Let me put this up front as it may be the most relevant part: For blobs referenced by unreferenced trees, these typically come from using git write-tree
. Some Git scripts use this command as a quick way to abort if the index contains unmerged entries.
In general, unreferenced items are normal enough; they're eventually collected and discarded by git gc
, usually as a result of a background automatic git gc --auto
.
Besides ojdo's answer, consider this:
- Get all commits using
git log --pretty=tformat:'%T|%h|%s|%aN|%aE'
The git log
command does a revision (commit-graph) walk starting from the specified revisions, or from HEAD
if no starting revision is provided. Some commits may be reachable only from some specific refs.
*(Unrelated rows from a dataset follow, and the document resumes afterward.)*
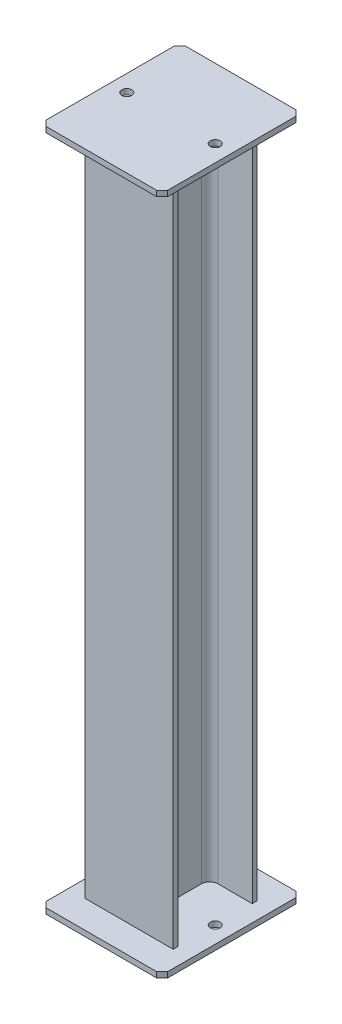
ISO-10303-21;
HEADER;
FILE_DESCRIPTION(('STEP AP214'),'2;1');
FILE_NAME('part.step','',(''),(''),'','','');
FILE_SCHEMA(('AUTOMOTIVE_DESIGN { 1 0 10303 214 1 1 1 1 }'));
ENDSEC;
DATA;
#1=APPLICATION_CONTEXT('core data for automotive mechanical design processes');
#2=APPLICATION_PROTOCOL_DEFINITION('international standard','automotive_design',2000,#1);
#3=PRODUCT_CONTEXT('',#1,'mechanical');
#4=PRODUCT('Part','Part','',(#3));
#5=PRODUCT_RELATED_PRODUCT_CATEGORY('part','',(#4));
#6=PRODUCT_DEFINITION_FORMATION('','',#4);
#7=PRODUCT_DEFINITION_CONTEXT('part definition',#1,'design');
#8=PRODUCT_DEFINITION('design','',#6,#7);
#9=PRODUCT_DEFINITION_SHAPE('','',#8);
#10=(LENGTH_UNIT() NAMED_UNIT(*) SI_UNIT(.MILLI.,.METRE.));
#11=(NAMED_UNIT(*) PLANE_ANGLE_UNIT() SI_UNIT($,.RADIAN.));
#12=(NAMED_UNIT(*) SI_UNIT($,.STERADIAN.) SOLID_ANGLE_UNIT());
#13=UNCERTAINTY_MEASURE_WITH_UNIT(LENGTH_MEASURE(1.E-05),#10,'distance_accuracy_value','');
#14=(GEOMETRIC_REPRESENTATION_CONTEXT(3) GLOBAL_UNCERTAINTY_ASSIGNED_CONTEXT((#13)) GLOBAL_UNIT_ASSIGNED_CONTEXT((#10,
#11,#12)) REPRESENTATION_CONTEXT('',''));
#15=CARTESIAN_POINT('',(0.,0.,0.));
#16=DIRECTION('',(0.,0.,1.));
#17=DIRECTION('',(1.,0.,0.));
#18=AXIS2_PLACEMENT_3D('',#15,#16,#17);
#19=CARTESIAN_POINT('',(0.,617.,0.));
#20=DIRECTION('',(0.,-1.,0.));
#21=DIRECTION('',(0.,0.,1.));
#22=AXIS2_PLACEMENT_3D('',#19,#20,#21);
#23=PLANE('',#22);
#24=DIRECTION('',(-1.,0.,0.));
#25=VECTOR('',#24,1.);
#26=CARTESIAN_POINT('',(110.,617.,126.));
#27=LINE('',#26,#25);
#28=CARTESIAN_POINT('',(100.,617.,126.));
#29=VERTEX_POINT('',#28);
#30=CARTESIAN_POINT('',(-99.9999999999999,617.,126.));
#31=VERTEX_POINT('',#30);
#32=EDGE_CURVE('E183',#29,#31,#27,.T.);
#33=ORIENTED_EDGE('',*,*,#32,.F.);
#34=DIRECTION('',(0.707106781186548,0.,-0.707106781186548));
#35=VECTOR('',#34,1.);
#36=CARTESIAN_POINT('',(100.,617.,126.));
#37=LINE('',#36,#35);
#38=CARTESIAN_POINT('',(110.,617.,116.));
#39=VERTEX_POINT('',#38);
#40=EDGE_CURVE('E220',#39,#29,#37,.F.);
#41=ORIENTED_EDGE('',*,*,#40,.F.);
#42=DIRECTION('',(0.,0.,1.));
#43=VECTOR('',#42,1.);
#44=CARTESIAN_POINT('',(110.,617.,126.));
#45=LINE('',#44,#43);
#46=CARTESIAN_POINT('',(110.,617.,-116.));
#47=VERTEX_POINT('',#46);
#48=EDGE_CURVE('E239',#47,#39,#45,.T.);
#49=ORIENTED_EDGE('',*,*,#48,.F.);
#50=DIRECTION('',(-0.707106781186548,0.,-0.707106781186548));
#51=VECTOR('',#50,1.);
#52=CARTESIAN_POINT('',(110.,617.,-116.));
#53=LINE('',#52,#51);
#54=CARTESIAN_POINT('',(100.,617.,-126.));
#55=VERTEX_POINT('',#54);
#56=EDGE_CURVE('E210',#55,#47,#53,.F.);
#57=ORIENTED_EDGE('',*,*,#56,.F.);
#58=DIRECTION('',(1.,0.,0.));
#59=VECTOR('',#58,1.);
#60=CARTESIAN_POINT('',(110.,617.,-126.));
#61=LINE('',#60,#59);
#62=CARTESIAN_POINT('',(-99.9999999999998,617.,-126.));
#63=VERTEX_POINT('',#62);
#64=EDGE_CURVE('E232',#63,#55,#61,.T.);
#65=ORIENTED_EDGE('',*,*,#64,.F.);
#66=DIRECTION('',(-0.707106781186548,0.,0.707106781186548));
#67=VECTOR('',#66,1.);
#68=CARTESIAN_POINT('',(-99.9999999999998,617.,-126.));
#69=LINE('',#68,#67);
#70=CARTESIAN_POINT('',(-110.,617.,-116.));
#71=VERTEX_POINT('',#70);
#72=EDGE_CURVE('E179',#71,#63,#69,.F.);
#73=ORIENTED_EDGE('',*,*,#72,.F.);
#74=DIRECTION('',(0.,0.,-1.));
#75=VECTOR('',#74,1.);
#76=CARTESIAN_POINT('',(-110.,617.,126.));
#77=LINE('',#76,#75);
#78=CARTESIAN_POINT('',(-110.,617.,116.));
#79=VERTEX_POINT('',#78);
#80=EDGE_CURVE('E230',#79,#71,#77,.T.);
#81=ORIENTED_EDGE('',*,*,#80,.F.);
#82=DIRECTION('',(0.707106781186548,0.,0.707106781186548));
#83=VECTOR('',#82,1.);
#84=CARTESIAN_POINT('',(-110.,617.,116.));
#85=LINE('',#84,#83);
#86=EDGE_CURVE('E14',#31,#79,#85,.F.);
#87=ORIENTED_EDGE('',*,*,#86,.F.);
#88=EDGE_LOOP('',(#33,#41,#49,#57,#65,#73,#81,#87));
#89=FACE_BOUND('',#88,.T.);
#90=CARTESIAN_POINT('',(-79.9999999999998,617.,0.));
#91=DIRECTION('',(0.,-1.,0.));
#92=DIRECTION('',(1.,0.,0.));
#93=AXIS2_PLACEMENT_3D('',#90,#91,#92);
#94=CIRCLE('',#93,9.);
#95=CARTESIAN_POINT('',(-70.9999999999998,617.,0.));
#96=VERTEX_POINT('',#95);
#97=EDGE_CURVE('E237',#96,#96,#94,.T.);
#98=ORIENTED_EDGE('',*,*,#97,.T.);
#99=EDGE_LOOP('',(#98));
#100=FACE_BOUND('',#99,.T.);
#101=CARTESIAN_POINT('',(80.0000000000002,617.,0.));
#102=DIRECTION('',(0.,-1.,0.));
#103=DIRECTION('',(1.,0.,0.));
#104=AXIS2_PLACEMENT_3D('',#101,#102,#103);
#105=CIRCLE('',#104,9.);
#106=CARTESIAN_POINT('',(89.0000000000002,617.,0.));
#107=VERTEX_POINT('',#106);
#108=EDGE_CURVE('E246',#107,#107,#105,.T.);
#109=ORIENTED_EDGE('',*,*,#108,.T.);
#110=EDGE_LOOP('',(#109));
#111=FACE_BOUND('',#110,.T.);
#112=ADVANCED_FACE('F109',(#89,#100,#111),#23,.F.);
#113=CARTESIAN_POINT('',(0.,607.,0.));
#114=DIRECTION('',(0.,-1.,0.));
#115=DIRECTION('',(0.,0.,1.));
#116=AXIS2_PLACEMENT_3D('',#113,#114,#115);
#117=PLANE('',#116);
#118=CARTESIAN_POINT('',(-79.9999999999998,607.,0.));
#119=DIRECTION('',(0.,-1.,0.));
#120=DIRECTION('',(1.,0.,0.));
#121=AXIS2_PLACEMENT_3D('',#118,#119,#120);
#122=CIRCLE('',#121,9.);
#123=CARTESIAN_POINT('',(-70.9999999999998,607.,0.));
#124=VERTEX_POINT('',#123);
#125=EDGE_CURVE('E243',#124,#124,#122,.T.);
#126=ORIENTED_EDGE('',*,*,#125,.F.);
#127=EDGE_LOOP('',(#126));
#128=FACE_BOUND('',#127,.T.);
#129=DIRECTION('',(0.,0.,-1.));
#130=VECTOR('',#129,1.);
#131=CARTESIAN_POINT('',(-110.,607.,126.));
#132=LINE('',#131,#130);
#133=CARTESIAN_POINT('',(-110.,607.,116.));
#134=VERTEX_POINT('',#133);
#135=CARTESIAN_POINT('',(-110.,607.,-116.));
#136=VERTEX_POINT('',#135);
#137=EDGE_CURVE('E193',#134,#136,#132,.T.);
#138=ORIENTED_EDGE('',*,*,#137,.T.);
#139=DIRECTION('',(0.707106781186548,0.,-0.707106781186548));
#140=VECTOR('',#139,1.);
#141=CARTESIAN_POINT('',(-113.,607.,-113.));
#142=LINE('',#141,#140);
#143=CARTESIAN_POINT('',(-99.9999999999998,607.,-126.));
#144=VERTEX_POINT('',#143);
#145=EDGE_CURVE('E176',#144,#136,#142,.F.);
#146=ORIENTED_EDGE('',*,*,#145,.F.);
#147=DIRECTION('',(1.,0.,0.));
#148=VECTOR('',#147,1.);
#149=CARTESIAN_POINT('',(110.,607.,-126.));
#150=LINE('',#149,#148);
#151=CARTESIAN_POINT('',(100.,607.,-126.));
#152=VERTEX_POINT('',#151);
#153=EDGE_CURVE('E186',#144,#152,#150,.T.);
#154=ORIENTED_EDGE('',*,*,#153,.T.);
#155=DIRECTION('',(0.707106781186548,0.,0.707106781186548));
#156=VECTOR('',#155,1.);
#157=CARTESIAN_POINT('',(113.,607.,-113.));
#158=LINE('',#157,#156);
#159=CARTESIAN_POINT('',(110.,607.,-116.));
#160=VERTEX_POINT('',#159);
#161=EDGE_CURVE('E207',#160,#152,#158,.F.);
#162=ORIENTED_EDGE('',*,*,#161,.F.);
#163=DIRECTION('',(0.,0.,1.));
#164=VECTOR('',#163,1.);
#165=CARTESIAN_POINT('',(110.,607.,126.));
#166=LINE('',#165,#164);
#167=CARTESIAN_POINT('',(110.,607.,116.));
#168=VERTEX_POINT('',#167);
#169=EDGE_CURVE('E192',#160,#168,#166,.T.);
#170=ORIENTED_EDGE('',*,*,#169,.T.);
#171=DIRECTION('',(-0.707106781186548,0.,0.707106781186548));
#172=VECTOR('',#171,1.);
#173=CARTESIAN_POINT('',(113.,607.,113.));
#174=LINE('',#173,#172);
#175=CARTESIAN_POINT('',(100.,607.,126.));
#176=VERTEX_POINT('',#175);
#177=EDGE_CURVE('E215',#176,#168,#174,.F.);
#178=ORIENTED_EDGE('',*,*,#177,.F.);
#179=DIRECTION('',(-1.,0.,0.));
#180=VECTOR('',#179,1.);
#181=CARTESIAN_POINT('',(110.,607.,126.));
#182=LINE('',#181,#180);
#183=CARTESIAN_POINT('',(-99.9999999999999,607.,126.));
#184=VERTEX_POINT('',#183);
#185=EDGE_CURVE('E228',#176,#184,#182,.T.);
#186=ORIENTED_EDGE('',*,*,#185,.T.);
#187=DIRECTION('',(-0.707106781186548,0.,-0.707106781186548));
#188=VECTOR('',#187,1.);
#189=CARTESIAN_POINT('',(-113.,607.,113.));
#190=LINE('',#189,#188);
#191=EDGE_CURVE('E225',#134,#184,#190,.F.);
#192=ORIENTED_EDGE('',*,*,#191,.F.);
#193=EDGE_LOOP('',(#138,#146,#154,#162,#170,#178,#186,#192));
#194=FACE_BOUND('',#193,.T.);
#195=CARTESIAN_POINT('',(80.0000000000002,607.,0.));
#196=DIRECTION('',(0.,-1.,0.));
#197=DIRECTION('',(1.,0.,0.));
#198=AXIS2_PLACEMENT_3D('',#195,#196,#197);
#199=CIRCLE('',#198,9.);
#200=CARTESIAN_POINT('',(89.0000000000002,607.,0.));
#201=VERTEX_POINT('',#200);
#202=EDGE_CURVE('E249',#201,#201,#199,.T.);
#203=ORIENTED_EDGE('',*,*,#202,.F.);
#204=EDGE_LOOP('',(#203));
#205=FACE_BOUND('',#204,.T.);
#206=ADVANCED_FACE('F195',(#128,#194,#205),#117,.T.);
#207=CARTESIAN_POINT('',(-110.,617.,126.));
#208=DIRECTION('',(1.,0.,0.));
#209=DIRECTION('',(0.,0.,-1.));
#210=AXIS2_PLACEMENT_3D('',#207,#208,#209);
#211=PLANE('',#210);
#212=ORIENTED_EDGE('',*,*,#80,.T.);
#213=DIRECTION('',(0.,1.,0.));
#214=VECTOR('',#213,1.);
#215=CARTESIAN_POINT('',(-110.,617.,-116.));
#216=LINE('',#215,#214);
#217=EDGE_CURVE('E199',#136,#71,#216,.T.);
#218=ORIENTED_EDGE('',*,*,#217,.F.);
#219=ORIENTED_EDGE('',*,*,#137,.F.);
#220=DIRECTION('',(0.,-1.,0.));
#221=VECTOR('',#220,1.);
#222=CARTESIAN_POINT('',(-110.,617.,116.));
#223=LINE('',#222,#221);
#224=EDGE_CURVE('E223',#79,#134,#223,.T.);
#225=ORIENTED_EDGE('',*,*,#224,.F.);
#226=EDGE_LOOP('',(#212,#218,#219,#225));
#227=FACE_BOUND('',#226,.T.);
#228=ADVANCED_FACE('F263',(#227),#211,.F.);
#229=CARTESIAN_POINT('',(110.,617.,-126.));
#230=DIRECTION('',(0.,0.,1.));
#231=DIRECTION('',(1.,0.,0.));
#232=AXIS2_PLACEMENT_3D('',#229,#230,#231);
#233=PLANE('',#232);
#234=ORIENTED_EDGE('',*,*,#153,.F.);
#235=DIRECTION('',(0.,-1.,0.));
#236=VECTOR('',#235,1.);
#237=CARTESIAN_POINT('',(-99.9999999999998,617.,-126.));
#238=LINE('',#237,#236);
#239=EDGE_CURVE('E172',#63,#144,#238,.T.);
#240=ORIENTED_EDGE('',*,*,#239,.F.);
#241=ORIENTED_EDGE('',*,*,#64,.T.);
#242=DIRECTION('',(0.,1.,0.));
#243=VECTOR('',#242,1.);
#244=CARTESIAN_POINT('',(100.,617.,-126.));
#245=LINE('',#244,#243);
#246=EDGE_CURVE('E188',#152,#55,#245,.T.);
#247=ORIENTED_EDGE('',*,*,#246,.F.);
#248=EDGE_LOOP('',(#234,#240,#241,#247));
#249=FACE_BOUND('',#248,.T.);
#250=ADVANCED_FACE('F187',(#249),#233,.F.);
#251=CARTESIAN_POINT('',(110.,617.,126.));
#252=DIRECTION('',(-1.,0.,0.));
#253=DIRECTION('',(0.,1.,0.));
#254=AXIS2_PLACEMENT_3D('',#251,#252,#253);
#255=PLANE('',#254);
#256=ORIENTED_EDGE('',*,*,#169,.F.);
#257=DIRECTION('',(0.,-1.,0.));
#258=VECTOR('',#257,1.);
#259=CARTESIAN_POINT('',(110.,617.,-116.));
#260=LINE('',#259,#258);
#261=EDGE_CURVE('E205',#47,#160,#260,.T.);
#262=ORIENTED_EDGE('',*,*,#261,.F.);
#263=ORIENTED_EDGE('',*,*,#48,.T.);
#264=DIRECTION('',(0.,1.,0.));
#265=VECTOR('',#264,1.);
#266=CARTESIAN_POINT('',(110.,617.,116.));
#267=LINE('',#266,#265);
#268=EDGE_CURVE('E218',#168,#39,#267,.T.);
#269=ORIENTED_EDGE('',*,*,#268,.F.);
#270=EDGE_LOOP('',(#256,#262,#263,#269));
#271=FACE_BOUND('',#270,.T.);
#272=ADVANCED_FACE('F280',(#271),#255,.F.);
#273=CARTESIAN_POINT('',(110.,617.,126.));
#274=DIRECTION('',(0.,0.,-1.));
#275=DIRECTION('',(-1.,0.,0.));
#276=AXIS2_PLACEMENT_3D('',#273,#274,#275);
#277=PLANE('',#276);
#278=ORIENTED_EDGE('',*,*,#185,.F.);
#279=DIRECTION('',(0.,-1.,0.));
#280=VECTOR('',#279,1.);
#281=CARTESIAN_POINT('',(100.,617.,126.));
#282=LINE('',#281,#280);
#283=EDGE_CURVE('E213',#29,#176,#282,.T.);
#284=ORIENTED_EDGE('',*,*,#283,.F.);
#285=ORIENTED_EDGE('',*,*,#32,.T.);
#286=DIRECTION('',(0.,1.,0.));
#287=VECTOR('',#286,1.);
#288=CARTESIAN_POINT('',(-99.9999999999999,617.,126.));
#289=LINE('',#288,#287);
#290=EDGE_CURVE('E117',#184,#31,#289,.T.);
#291=ORIENTED_EDGE('',*,*,#290,.F.);
#292=EDGE_LOOP('',(#278,#284,#285,#291));
#293=FACE_BOUND('',#292,.T.);
#294=ADVANCED_FACE('F277',(#293),#277,.F.);
#295=CARTESIAN_POINT('',(-79.9999999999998,617.,0.));
#296=DIRECTION('',(0.,-1.,0.));
#297=DIRECTION('',(-1.,0.,0.));
#298=AXIS2_PLACEMENT_3D('',#295,#296,#297);
#299=CYLINDRICAL_SURFACE('',#298,9.);
#300=ORIENTED_EDGE('',*,*,#97,.F.);
#301=EDGE_LOOP('',(#300));
#302=FACE_BOUND('',#301,.T.);
#303=ORIENTED_EDGE('',*,*,#125,.T.);
#304=EDGE_LOOP('',(#303));
#305=FACE_BOUND('',#304,.T.);
#306=ADVANCED_FACE('F259',(#302,#305),#299,.F.);
#307=CARTESIAN_POINT('',(80.0000000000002,617.,0.));
#308=DIRECTION('',(0.,-1.,0.));
#309=DIRECTION('',(-1.,0.,0.));
#310=AXIS2_PLACEMENT_3D('',#307,#308,#309);
#311=CYLINDRICAL_SURFACE('',#310,9.);
#312=ORIENTED_EDGE('',*,*,#108,.F.);
#313=EDGE_LOOP('',(#312));
#314=FACE_BOUND('',#313,.T.);
#315=ORIENTED_EDGE('',*,*,#202,.T.);
#316=EDGE_LOOP('',(#315));
#317=FACE_BOUND('',#316,.T.);
#318=ADVANCED_FACE('F256',(#314,#317),#311,.F.);
#319=CARTESIAN_POINT('',(-99.9999999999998,617.,-126.));
#320=DIRECTION('',(0.707106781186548,0.,0.707106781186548));
#321=DIRECTION('',(0.,-1.,0.));
#322=AXIS2_PLACEMENT_3D('',#319,#320,#321);
#323=PLANE('',#322);
#324=ORIENTED_EDGE('',*,*,#72,.T.);
#325=ORIENTED_EDGE('',*,*,#239,.T.);
#326=ORIENTED_EDGE('',*,*,#145,.T.);
#327=ORIENTED_EDGE('',*,*,#217,.T.);
#328=EDGE_LOOP('',(#324,#325,#326,#327));
#329=FACE_BOUND('',#328,.T.);
#330=ADVANCED_FACE('F174',(#329),#323,.F.);
#331=CARTESIAN_POINT('',(110.,617.,-116.));
#332=DIRECTION('',(-0.707106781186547,0.,0.707106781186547));
#333=DIRECTION('',(0.,-1.,0.));
#334=AXIS2_PLACEMENT_3D('',#331,#332,#333);
#335=PLANE('',#334);
#336=ORIENTED_EDGE('',*,*,#56,.T.);
#337=ORIENTED_EDGE('',*,*,#261,.T.);
#338=ORIENTED_EDGE('',*,*,#161,.T.);
#339=ORIENTED_EDGE('',*,*,#246,.T.);
#340=EDGE_LOOP('',(#336,#337,#338,#339));
#341=FACE_BOUND('',#340,.T.);
#342=ADVANCED_FACE('F288',(#341),#335,.F.);
#343=CARTESIAN_POINT('',(100.,617.,126.));
#344=DIRECTION('',(-0.707106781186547,0.,-0.707106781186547));
#345=DIRECTION('',(0.,-1.,0.));
#346=AXIS2_PLACEMENT_3D('',#343,#344,#345);
#347=PLANE('',#346);
#348=ORIENTED_EDGE('',*,*,#40,.T.);
#349=ORIENTED_EDGE('',*,*,#283,.T.);
#350=ORIENTED_EDGE('',*,*,#177,.T.);
#351=ORIENTED_EDGE('',*,*,#268,.T.);
#352=EDGE_LOOP('',(#348,#349,#350,#351));
#353=FACE_BOUND('',#352,.T.);
#354=ADVANCED_FACE('F290',(#353),#347,.F.);
#355=CARTESIAN_POINT('',(-110.,617.,116.));
#356=DIRECTION('',(0.707106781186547,0.,-0.707106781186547));
#357=DIRECTION('',(0.,-1.,0.));
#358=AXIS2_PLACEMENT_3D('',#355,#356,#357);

Even if you add --branches
here, this only starts from all branches; some commits might be reachable only from some specific tag, or from a remote-tracking name. Using --all
augments this to start from all refs ... but this still omits non-ref references, such as ORIG_HEAD
and reflog entries.
Both git fsck
and git gc
need a fancier method by which they can find all references, including hidden ones. Getting this is actually pretty hard, and was broken between Git 2.5—where git worktree add
was first introduced—and Git 2.15, where the bugs were fixed: we must not only consult all refs and reflogs, we must also look at all per-work-tree refs (including each one's HEAD) and each work-tree's index. Git 2.5 through 2.14 failed to check the per-work-tree refs and would thus incorrectly garbage collect expired (via prune-time) loose objects that were in use in added work-trees.
Git's index never contains any tree object ID in the primary section (the one listed by git ls-files --stage
). Only blob objects, including both regular files and symbolic links, and gitlinks appear in this section of the index. Gitlinks hold commit hash IDs from other repositories and must be ignored. However, there are extension records in the index. As far as I know these extension records don't count for liveness, so a tree extension would perhaps become invalid. This might not be the case—perhaps a T
, R
, E
, E
record does count as keeping a tree object live—but given that they're supposed to be ignorable, I suspect they're not. See the technical documentation file on the index for more.